THE PROBLEM -> Nothing but the lines from the one with "line L0 (25.6174, -10) -> (-25.6174, -10)" through the final line of the entries below should be written out, each exactly as given.

EXTRACTED INFORMATION ->
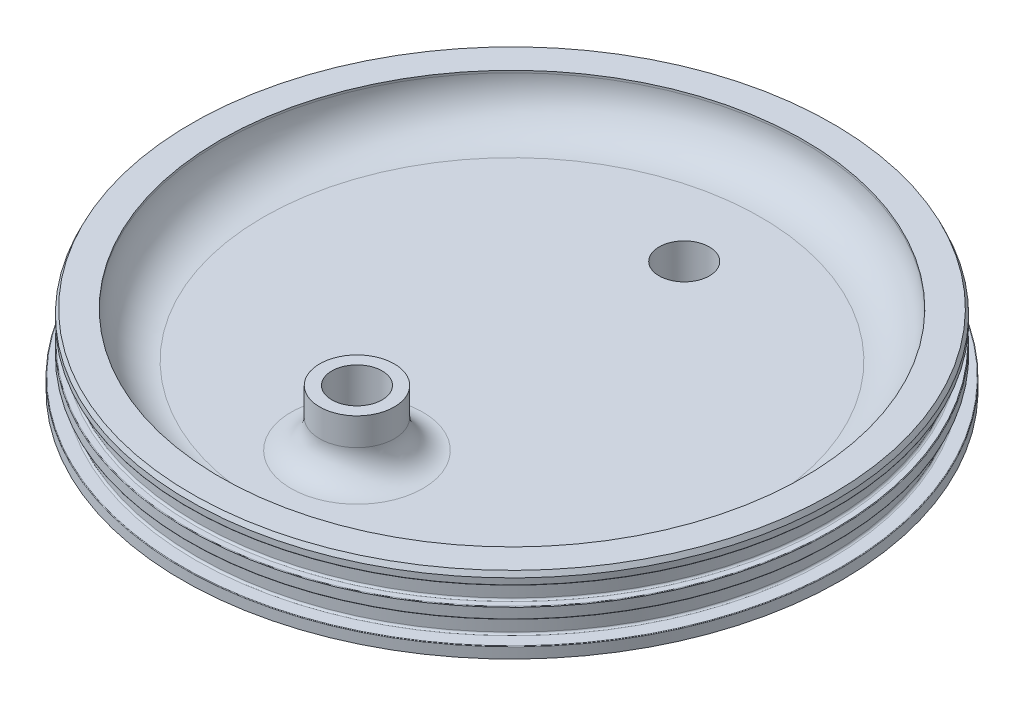
SolidWorks part; units mm, degrees
material "6061-T6 (SS)"
ref_plane "Front Plane" through (0, 0, 0) normal (0, 0, 1) x (1, 0, 0)
ref_plane "Top Plane" through (0, 0, 0) normal (0, 1, 0) x (1, 0, 0)
ref_plane "Right Plane" through (0, 0, 0) normal (1, 0, 0) x (0, 0, -1)
sketch "Sketch1" plane through (0, 0, 0) normal (0, 0, 1) x (1, 0, 0)
  line L0 (0, 48.1922) -> (0, -25.6743) construction
  line L1 (0, 0) -> (72.898, 0)
  line L2 (72.898, 0) -> (72.898, 2.4638)
  line L3 (72.898, 2.4638) -> (69.6468, 2.4638)
  line L4 (69.6468, 2.4638) -> (69.6468, 6.5278)
  line L5 (69.6468, 6.5278) -> (71.4248, 6.5278)
  line L6 (71.4248, 6.5278) -> (71.4248, 8.9916)
  line L7 (71.4248, 8.9916) -> (69.6468, 8.9916)
  line L8 (64.5668, 15.5956) -> (64.5668, 5.588)
  line L9 (64.5668, 5.588) -> (0, 5.588)
  line L10 (0, 5.588) -> (0, 0)
  line L11 (69.6468, 8.9916) -> (69.6468, 13.0556)
  line L12 (69.6468, 13.0556) -> (71.4248, 13.0556)
  line L13 (71.4248, 13.0556) -> (71.4248, 15.5956)
  line L14 (71.4248, 15.5956) -> (64.5668, 15.5956)
  dimension "D2" = 4.064
  dimension "D5" = 5.588
  dimension "D7" = 4.064
  dimension "D4" = 2.4638
  dimension "D8" = 2.54
  dimension "D6" = 5.08
  dimension "D1" = 72.898
  dimension "D9" = 1.778
  dimension "D3" = 69.6468
revolve "Revolve1" add sketch "Sketch1" angle 360 about L0
sketch "Sketch6" plane through (0, 0, 0) normal (0, -1, 0) x (1, 0, 0)
  circle A0 centre (0, 0) radius 66.04
  dimension "D1" = 132.08
extrude "Boss-Extrude1" add sketch "Sketch6" along normal blind 2.54
hole_wizard "Pipe Tap Drill for 1/4 Tap - GN2" positions "Sketch2" profile "Sketch3" hole size "1/4" standard "ANSI Inch" end condition through all
sketch "Sketch2" plane through (0, 5.588, 0) normal (0, 1, 0) x (1, 0, 0)
  point P4 (0, -34.29)
  dimension "D1" = 34.29
sketch "Sketch3" plane through (0, 5.588, 34.29) normal (1, 0, 0) x (0, 0, 1)
  line L0 (0, 0) -> (0, 8.128)
  line L1 (0, 8.128) -> (5.5626, 8.128)
  line L2 (5.5626, 8.128) -> (5.5626, 0)
  line L5 (5.5626, 0) -> (0, 0)
  line L11 (0, -6.35) -> (0, 107.95) construction
  dimension "Thru Hole Dia." = 11.1252
  dimension "Thru Hole Depth" = 8.128
fillet "CNC ID Fillet" radius 0.4064 5 edges at (-69.6468, 6.5278, 0) (-69.6468, 2.4638, 0) (-69.6468, 13.0556, 0) (-69.6468, 8.9916, 0) (66.04, 0, 0)
fillet "CNC OD Fillet" radius 0.127 5 edges at (-71.4248, 6.5278, 0) (-72.898, 2.4638, 0) (66.04, -2.54, 0) (-71.4248, 13.0556, 0) (-71.4248, 8.9916, 0)
chamfer "CNC Chamfers" distance 0.508 angle 65 1 edges at (-71.4248, 15.5956, 0) first distance on face at (-64.5668, 15.5956, 0)
hole_wizard "Pipe Tap Drill for 1/4 Tap - Relief Valve" positions "Sketch13" profile "Sketch14" hole size "1/4" standard "ANSI Inch" end condition through all
sketch "Sketch13" plane through (0, -2.54, 0) normal (0, -1, 0) x (-1, 0, 0)
  point P4 (0, 38.1)
  dimension "D1" = 38.1
sketch "Sketch14" plane through (0, -2.54, -38.1) normal (1, 0, 0) x (0, 0, -1)
  line L0 (0, 0) -> (0, 18.1356)
  line L1 (0, 18.1356) -> (5.5626, 18.1356)
  line L2 (5.5626, 18.1356) -> (5.5626, 0)
  line L5 (5.5626, 0) -> (0, 0)
  line L11 (0, -6.35) -> (0, 107.95) construction
  dimension "Thru Hole Dia." = 11.1252
  dimension "Thru Hole Depth" = 18.1356
sketch "Sketch15" plane through (0, -2.54, 0) normal (0, -1, 0) x (1, 0, 0)
  circle A0 centre (0, 34.29) radius 8.255
  circle A1 centre (0, 34.29) radius 5.5626 construction
  circle A2 centre (0, 34.29) radius 5.5626
  dimension "D1" = 16.51
extrude "Boss-Extrude2" add sketch "Sketch15" against normal blind 12.446 from surface starting at face at (5.5626, 5.588, -38.1)
fillet "Fillet2" radius 6.35 1 edges at (8.255, 5.588, 34.29)
fillet "Fillet3" radius 9.525 1 edges at (-64.5668, 5.588, 0)
sketch "Sketch16" plane through (0, -2.54, 0) normal (0, -1, 0) x (1, 0, 0)
  line L0 (0, 34.29) -> (0, -38.1) construction
  line L1 (25.4, 26.67) -> (-25.4, 26.67) construction
  line L2 (-9.4223, -1.905) -> (9.4223, -1.905) construction
  line L3 (25.4, -30.48) -> (-25.4, -30.48) construction
  text T0 "GN2"
  text T1 "VENT\r\n"
  point P7 (0, 26.67)
  point P14 (0, -1.905)
  dimension "D1" = 50.8
  dimension "D2" = 7.62
equation "\"D3@Sketch1\"=5.484/2"
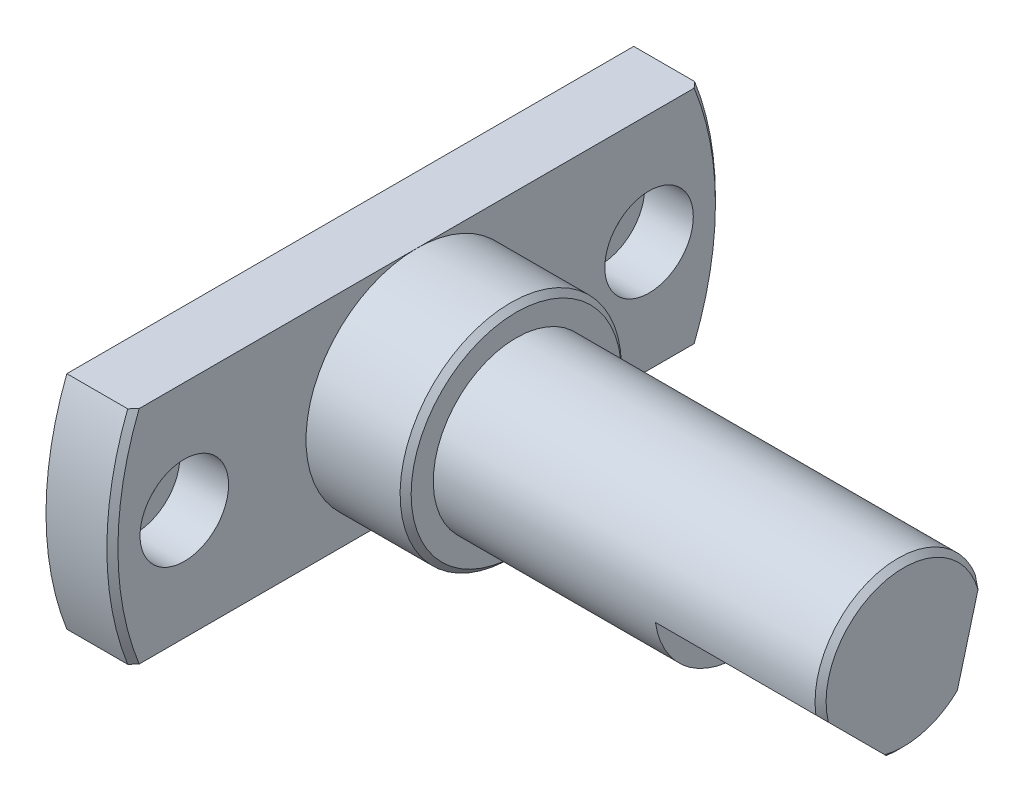
SolidWorks part; units mm, degrees
material "3.1325 (EN-AW 2017A)"
ref_plane "Plan de face" through (0, 0, 0) normal (0, 0, 1) x (1, 0, 0)
ref_plane "Plan de dessus" through (0, 0, 0) normal (0, 1, 0) x (1, 0, 0)
ref_plane "Plan de droite" through (0, 0, 0) normal (1, 0, 0) x (0, 0, -1)
sketch "Esquisse1" plane through (0, 0, 0) normal (0, 0, 1) x (1, 0, 0)
  line L0 (15, 7.5) -> (50, 7.5)
  line L1 (50, 7.5) -> (50, 0)
  line L2 (50, 0) -> (0, 0)
  line L3 (0, 0) -> (0, 27.5)
  line L4 (6, 10) -> (15, 10)
  line L5 (15, 10) -> (15, 7.5)
  line L7 (0, 27.5) -> (6, 27.5)
  line L8 (6, 27.5) -> (6, 10)
  dimension "D1" = 50
  dimension "D3" = 7.5
  dimension "D4" = 15
  dimension "D5" = 6
  dimension "D6" = 10
  dimension "D7" = 20
revolve "Révolution1" add sketch "Esquisse1" angle 360 about L2
chamfer "Chanfrein1" distance 0.5 angle 45 2 edges at (15, 10, 0) (6, 27.5, 0)
hole_wizard "Chambrage pour vis à tête hexagonale M41" positions "Esquisse4" profile "Esquisse2" counterbore size "M4" standard "ISO" end condition through all
sketch "Esquisse4" plane through (6, 0, 0) normal (1, 0, 0) x (0, 0, -1)
  line L0 (21, 0) -> (0, 0) construction
  line L1 (0, 0) -> (-21, 0) construction
  line L2 (0, 5.6863) -> (0, -6.4906) construction
  point P0 (-21, 0)
  point P2 (21, 0)
  dimension "D1" = 42
sketch "Esquisse2" plane through (6, 0, 21) normal (0, 1, 0) x (0, 0, -1)
  line L0 (0, 0) -> (0, 6)
  line L1 (0, 6) -> (2.25, 6)
  line L3 (2.25, 6) -> (2.25, 4.4)
  line L4 (2.25, 4.4) -> (4, 4.4)
  line L5 (4, 4.4) -> (4, 0)
  line L7 (4, 0) -> (0, 0)
  line L11 (0, -6.35) -> (0, 107.95) construction
  dimension "Diamètre du perçage jusqu'au prochain" = 4.5
  dimension "Profondeur du perçage jusqu'au prochain" = 6
  dimension "Diamètre du chambrage" = 8
  dimension "Profondeur du chambrage" = 4.4
sketch "Esquisse8" plane through (50, 0, 0) normal (1, 0, 0) x (0, 0, -1)
  line L0 (-1.0607, -7.4246) -> (-7.4246, -1.0607)
  line L1 (4.6309, -5.8996) -> (6.9602, 2.7938)
  line L2 (0, 14.7202) -> (0, 0) construction
  line L3 (0, 0) -> (10.8159, -2.8981) construction
  arc A0 (-1.0607, -7.4246) -> (-7.4246, -1.0607) centre (0, 0) cw
  circle A1 centre (0, 0) radius 7.5 construction
  arc A3 (4.6309, -5.8996) -> (6.9602, 2.7938) centre (0, 0) ccw
  circle A4 centre (0, 0) radius 7.5 construction
  dimension "D1" = 6
  dimension "D2" = 6
  dimension "D3" = 60
  dimension "D4" = 105
extrude "Enlèv. mat.-Extru.1" cut sketch "Esquisse8" against normal blind 15
sketch "Esquisse9" plane through (6, 0, 0) normal (1, 0, 0) x (0, 0, -1)
  point P0 (-21, 0)
  point P1 (21, 0)
sketch "Esquisse10" plane through (50, 0, 0) normal (1, 0, 0) x (0, 0, -1)
  line L0 (0, 15.042) -> (0, -18.3339) construction
sketch "Esquisse11" plane through (0, 0, 0) normal (-1, 0, 0) x (0, 0, 1)
  line L0 (25.6174, -10) -> (-25.6174, -10)
  line L2 (-33.9621, 0) -> (34.1744, 0) construction
  line L3 (25.6174, 10) -> (-25.6174, 10)
  circle A0 centre (0, 0) radius 27.5 construction
  arc A1 (-25.6174, -10) -> (25.6174, -10) centre (0, 0) ccw
  arc A2 (-25.6174, 10) -> (25.6174, 10) centre (0, 0) cw
  dimension "D1" = 20
extrude "Enlèv. mat.-Extru.2" cut sketch "Esquisse11" against normal through all
chamfer "Chanfrein3" distance 0.5 angle 45 2 edges at (50, -7.2444, -1.9411) (50, 7.2444, 1.9411)
ref_axis "Axe1" through (32, 0, 0) along (1, 0, 0)

EXERCISE ANSWER ->
  line L0 (25.6174, -10) -> (-25.6174, -10)
  line L2 (-33.9621, 0) -> (34.1744, 0) construction
  line L3 (25.6174, 10) -> (-25.6174, 10)
  circle A0 centre (0, 0) radius 27.5 construction
  arc A1 (-25.6174, -10) -> (25.6174, -10) centre (0, 0) ccw
  arc A2 (-25.6174, 10) -> (25.6174, 10) centre (0, 0) cw
  dimension "D1" = 20
extrude "Enlèv. mat.-Extru.2" cut sketch "Esquisse11" against normal through all
chamfer "Chanfrein3" distance 0.5 angle 45 2 edges at (50, -7.2444, -1.9411) (50, 7.2444, 1.9411)
ref_axis "Axe1" through (32, 0, 0) along (1, 0, 0)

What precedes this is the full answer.